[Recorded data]
--- START ---

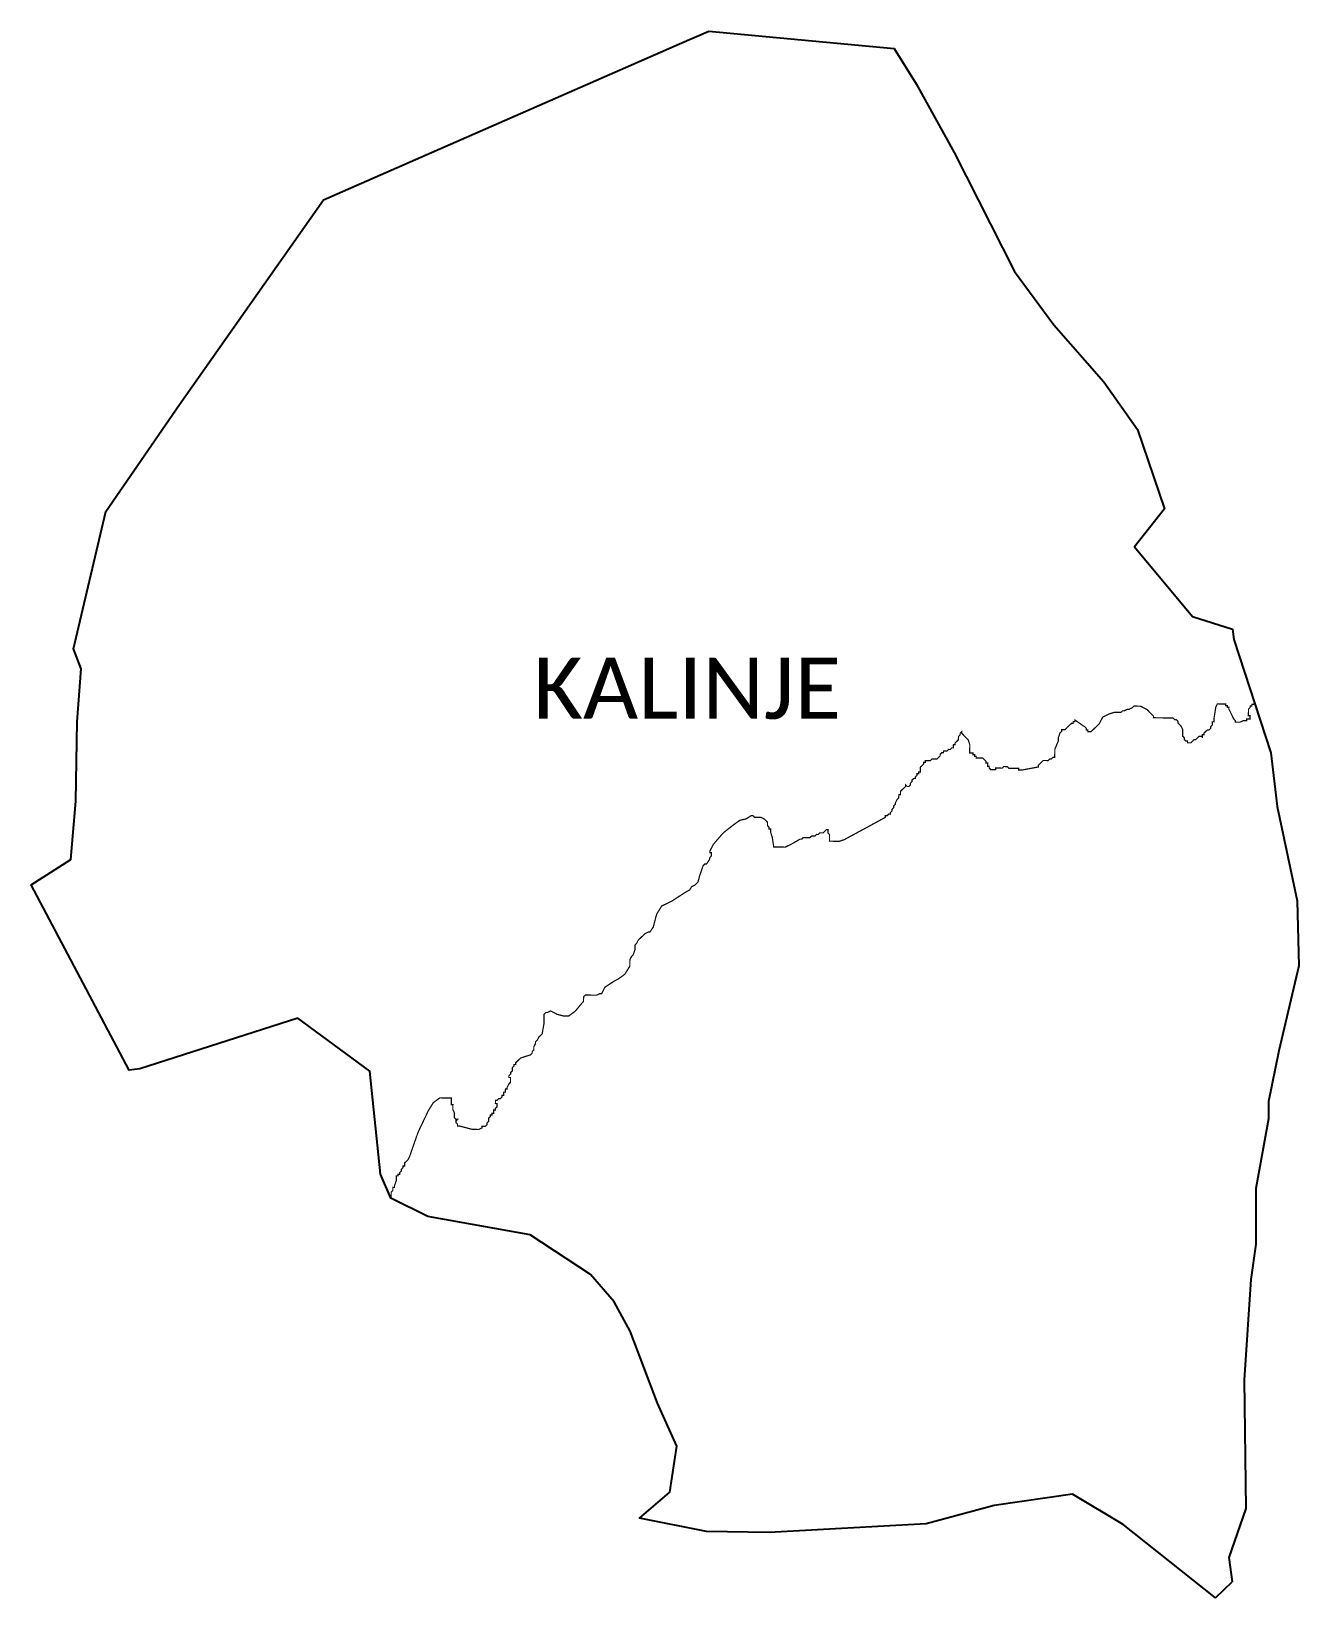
# Model space of a CAD drawing. Header units: metres. Extents: x 290282 to 293385, y 1993059 to 1996895.
import ezdxf

# ---------------------------------------------------------------- set-up
doc = ezdxf.new("R2010")
doc.units = ezdxf.units.M
for name, color, linetype in [('HAZARDS LINE', 1, 'Continuous'), ('village', 3, 'Continuous'), ('VILLAGE NAME', 250, 'Continuous')]:
    doc.layers.add(name, color=color, linetype=linetype)
doc.styles.get("Standard").update_dxf_attribs({"font": 'simplex.shx'})

msp = doc.modelspace()

# ---------------------------------------------------------------- linework, layer by layer
at = {"layer": 'HAZARDS LINE', "lineweight": 18}
msp.add_lwpolyline([(291162.5, 1994037.5, 3.01, 3.01, 0), (291162.7, 1994052.3, 3.01, 3.01, 0), (291166.8, 1994056.3, 3.01, 3.01, 0), (291166.9, 1994064.3, 3.01, 3.01, 0), (291170.9, 1994064.3, 3.01, 3.01, 0), (291170.9, 1994068.3, 3.01, 3.01, 0), (291175.1, 1994080.2, 3.01, 3.01, 0), (291175.3, 1994092.2, 3.01, 3.01, 0), (291179.3, 1994092.2, 3.01, 3.01, 0), (291179.3, 1994096.2, 3.01, 3.01, 0), (291183.3, 1994096.1, 3.01, 3.01, 0), (291183.4, 1994100.2, 3.01, 3.01, 0), (291187.4, 1994104.1, 3.01, 3.01, 0), (291187.5, 1994108.1, 3.01, 3.01, 0), (291191.6, 1994112.1, 3.01, 3.01, 0), (291191.6, 1994116.1, 3.01, 3.01, 0), (291195.6, 1994116, 3.01, 3.01, 0), (291195.7, 1994124, 3.01, 3.01, 0), (291199.8, 1994128, 3.01, 3.01, 0), (291203.8, 1994131.9, 3.01, 3.01, 0), (291207.9, 1994139.9, 3.01, 3.01, 0), (291228.8, 1994199.7, 3.01, 3.01, 0), (291253.5, 1994251.5, 3.01, 3.01, 0), (291265.8, 1994271.4, 3.01, 3.01, 0), (291281.9, 1994283.2, 3.01, 3.01, 0), (291310, 1994282.8, 3.01, 3.01, 0), (291309.8, 1994266.8, 3.01, 3.01, 0), (291313.8, 1994266.8, 3.01, 3.01, 0), (291313.6, 1994254.7, 3.01, 3.01, 0), (291317.5, 1994246.7, 3.01, 3.01, 0), (291317.4, 1994234.7, 3.01, 3.01, 0), (291321.3, 1994230.6, 3.01, 3.01, 0), (291325.3, 1994230.5, 3.01, 3.01, 0), (291321.3, 1994226.6, 3.01, 3.01, 0), (291321.3, 1994230.6, 3.01, 3.01, 0), (291321.2, 1994222.6, 3.01, 3.01, 0), (291325.2, 1994218.5, 3.01, 3.01, 0), (291325.1, 1994214.5, 3.01, 3.01, 0), (291329.1, 1994214.5, 3.01, 3.01, 0), (291345.1, 1994210.3, 3.01, 3.01, 0), (291361.1, 1994206, 3.01, 3.01, 0), (291377.1, 1994205.8, 3.01, 3.01, 0), (291385.2, 1994209.7, 3.01, 3.01, 0), (291385.2, 1994213.7, 3.01, 3.01, 0), (291393.2, 1994213.6, 3.01, 3.01, 0), (291397.3, 1994217.6, 3.01, 3.01, 0), (291397.3, 1994221.6, 3.01, 3.01, 0), (291401.4, 1994225.5, 3.01, 3.01, 0), (291401.5, 1994233.6, 3.01, 3.01, 0), (291405.6, 1994237.5, 3.01, 3.01, 0), (291405.6, 1994241.5, 3.01, 3.01, 0), (291409.6, 1994241.5, 3.01, 3.01, 0), (291409.7, 1994245.5, 3.01, 3.01, 0), (291413.7, 1994245.4, 3.01, 3.01, 0), (291413.8, 1994253.4, 3.01, 3.01, 0), (291417.8, 1994253.4, 3.01, 3.01, 0), (291417.8, 1994257.4, 3.01, 3.01, 0), (291421.9, 1994261.3, 3.01, 3.01, 0), (291422, 1994269.4, 3.01, 3.01, 0), (291418, 1994269.4, 3.01, 3.01, 0), (291418.1, 1994277.4, 3.01, 3.01, 0), (291422.1, 1994277.4, 3.01, 3.01, 0), (291426.2, 1994281.3, 3.01, 3.01, 0), (291430.2, 1994281.3, 3.01, 3.01, 0), (291434.2, 1994285.2, 3.01, 3.01, 0), (291434.3, 1994289.2, 3.01, 3.01, 0), (291438.3, 1994289.2, 3.01, 3.01, 0), (291438.4, 1994297.2, 3.01, 3.01, 0), (291442.4, 1994297.1, 3.01, 3.01, 0), (291442.5, 1994305.2, 3.01, 3.01, 0), (291446.5, 1994305.1, 3.01, 3.01, 0), (291446.6, 1994309.1, 3.01, 3.01, 0), (291450.7, 1994317.1, 3.01, 3.01, 0), (291454.7, 1994321, 3.01, 3.01, 0), (291454.9, 1994333, 3.01, 3.01, 0), (291450.9, 1994333.1, 3.01, 3.01, 0), (291450.9, 1994337.1, 3.01, 3.01, 0), (291455, 1994341.1, 3.01, 3.01, 0), (291455, 1994345.1, 3.01, 3.01, 0), (291459.1, 1994349, 3.01, 3.01, 0), (291459.2, 1994357, 3.01, 3.01, 0), (291463.3, 1994361, 3.01, 3.01, 0), (291463.3, 1994365, 3.01, 3.01, 0), (291467.3, 1994364.9, 3.01, 3.01, 0), (291467.4, 1994369, 3.01, 3.01, 0), (291475.5, 1994376.9, 3.01, 3.01, 0), (291479.6, 1994380.8, 3.01, 3.01, 0), (291503.7, 1994388.5, 3.01, 3.01, 0), (291507.8, 1994392.5, 3.01, 3.01, 0), (291507.8, 1994396.5, 3.01, 3.01, 0), (291511.9, 1994400.4, 3.01, 3.01, 0), (291512, 1994408.4, 3.01, 3.01, 0), (291516.1, 1994416.4, 3.01, 3.01, 0), (291516.1, 1994420.4, 3.01, 3.01, 0), (291520.2, 1994424.4, 3.01, 3.01, 0), (291524.3, 1994432.3, 3.01, 3.01, 0), (291532.4, 1994440.2, 3.01, 3.01, 0), (291536.7, 1994464.2, 3.01, 3.01, 0), (291537.1, 1994488.3, 3.01, 3.01, 0), (291541.1, 1994492.2, 3.01, 3.01, 0), (291545.1, 1994492.2, 3.01, 3.01, 0), (291553.2, 1994496.1, 3.01, 3.01, 0), (291569.1, 1994487.8, 3.01, 3.01, 0), (291585.1, 1994483.6, 3.01, 3.01, 0), (291597.1, 1994483.5, 3.01, 3.01, 0), (291613.3, 1994495.3, 3.01, 3.01, 0), (291629.6, 1994515.1, 3.01, 3.01, 0), (291633.6, 1994519.1, 3.01, 3.01, 0), (291633.8, 1994531.1, 3.01, 3.01, 0), (291637.8, 1994535, 3.01, 3.01, 0), (291665.9, 1994534.7, 3.01, 3.01, 0), (291674, 1994538.6, 3.01, 3.01, 0), (291678, 1994538.5, 3.01, 3.01, 0), (291686.2, 1994554.4, 3.01, 3.01, 0), (291710.4, 1994570.2, 3.01, 3.01, 0), (291718.5, 1994574.1, 3.01, 3.01, 0), (291734.7, 1994585.9, 3.01, 3.01, 0), (291747, 1994605.7, 3.01, 3.01, 0), (291747.2, 1994621.8, 3.01, 3.01, 0), (291751.3, 1994629.7, 3.01, 3.01, 0), (291755.3, 1994633.7, 3.01, 3.01, 0), (291759.5, 1994645.7, 3.01, 3.01, 0), (291759.7, 1994657.7, 3.01, 3.01, 0), (291763.7, 1994661.6, 3.01, 3.01, 0), (291767.8, 1994669.6, 3.01, 3.01, 0), (291784.1, 1994685.4, 3.01, 3.01, 0), (291792.1, 1994689.3, 3.01, 3.01, 0), (291796.1, 1994689.3, 3.01, 3.01, 0), (291804.3, 1994701.2, 3.01, 3.01, 0), (291812.7, 1994733.1, 3.01, 3.01, 0), (291825, 1994753, 3.01, 3.01, 0), (291849.2, 1994764.7, 3.01, 3.01, 0), (291885.6, 1994788.3, 3.01, 3.01, 0), (291893.6, 1994792.2, 3.01, 3.01, 0), (291897.8, 1994800.1, 3.01, 3.01, 0), (291905.8, 1994804, 3.01, 3.01, 0), (291913.9, 1994812, 3.01, 3.01, 0), (291918.2, 1994827.9, 3.01, 3.01, 0), (291926.5, 1994851.9, 3.01, 3.01, 0), (291930.5, 1994855.8, 3.01, 3.01, 0), (291934.5, 1994855.8, 3.01, 3.01, 0), (291942.7, 1994867.7, 3.01, 3.01, 0), (291942.8, 1994871.7, 3.01, 3.01, 0), (291946.8, 1994875.6, 3.01, 3.01, 0), (291946.9, 1994883.7, 3.01, 3.01, 0), (291942.9, 1994883.7, 3.01, 3.01, 0), (291943, 1994887.7, 3.01, 3.01, 0), (291951.2, 1994903.6, 3.01, 3.01, 0), (291971.5, 1994927.4, 3.01, 3.01, 0), (291979.7, 1994935.3, 3.01, 3.01, 0), (291999.9, 1994951.1, 3.01, 3.01, 0), (292016.1, 1994962.9, 3.01, 3.01, 0), (292032.2, 1994966.7, 3.01, 3.01, 0), (292044.3, 1994974.6, 3.01, 3.01, 0), (292048.3, 1994974.5, 3.01, 3.01, 0), (292052.2, 1994970.4, 3.01, 3.01, 0), (292068.3, 1994970.2, 3.01, 3.01, 0), (292076.2, 1994966.1, 3.01, 3.01, 0), (292080.2, 1994962.1, 3.01, 3.01, 0), (292084.1, 1994958, 3.01, 3.01, 0), (292084, 1994950, 3.01, 3.01, 0), (292088, 1994945.9, 3.01, 3.01, 0), (292087.9, 1994941.9, 3.01, 3.01, 0), (292091.9, 1994941.9, 3.01, 3.01, 0), (292091.8, 1994933.9, 3.01, 3.01, 0), (292095.7, 1994921.8, 3.01, 3.01, 0), (292099.4, 1994897.7, 3.01, 3.01, 0), (292127.4, 1994897.3, 3.01, 3.01, 0), (292143.5, 1994905.1, 3.01, 3.01, 0), (292163.7, 1994916.9, 3.01, 3.01, 0), (292167.7, 1994916.8, 3.01, 3.01, 0), (292171.8, 1994920.8, 3.01, 3.01, 0), (292187.8, 1994920.6, 3.01, 3.01, 0), (292191.9, 1994924.5, 3.01, 3.01, 0), (292199.9, 1994924.4, 3.01, 3.01, 0), (292204, 1994928.4, 3.01, 3.01, 0), (292208, 1994928.3, 3.01, 3.01, 0), (292212, 1994932.3, 3.01, 3.01, 0), (292220, 1994932.2, 3.01, 3.01, 0), (292224.1, 1994936.1, 3.01, 3.01, 0), (292228.2, 1994940.1, 3.01, 3.01, 0), (292232.2, 1994940, 3.01, 3.01, 0), (292232.1, 1994932, 3.01, 3.01, 0), (292236, 1994928, 3.01, 3.01, 0), (292235.8, 1994911.9, 3.01, 3.01, 0), (292259.8, 1994911.6, 3.01, 3.01, 0), (292271.9, 1994915.5, 3.01, 3.01, 0), (292372.8, 1994970.3, 3.01, 3.01, 0), (292372.8, 1994974.3, 3.01, 3.01, 0), (292376.9, 1994974.2, 3.01, 3.01, 0), (292380.9, 1994978.2, 3.01, 3.01, 0), (292384.9, 1994978.1, 3.01, 3.01, 0), (292385, 1994982.1, 3.01, 3.01, 0), (292389, 1994986.1, 3.01, 3.01, 0), (292389.1, 1994990.1, 3.01, 3.01, 0), (292393.1, 1994994, 3.01, 3.01, 0), (292393.2, 1994998, 3.01, 3.01, 0), (292397.3, 1995002, 3.01, 3.01, 0), (292397.3, 1995006, 3.01, 3.01, 0), (292401.4, 1995014, 3.01, 3.01, 0), (292405.5, 1995017.9, 3.01, 3.01, 0), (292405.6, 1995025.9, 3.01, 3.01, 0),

--- END ---

## Exercise goal
If a line above contains the word "linetype", list it.

## Answer space
for name, color, linetype in [('HAZARDS LINE', 1, 'Continuous'), ('village', 3, 'Continuous'), ('VILLAGE NAME', 250, 'Continuous')]:
    doc.layers.add(name, color=color, linetype=linetype)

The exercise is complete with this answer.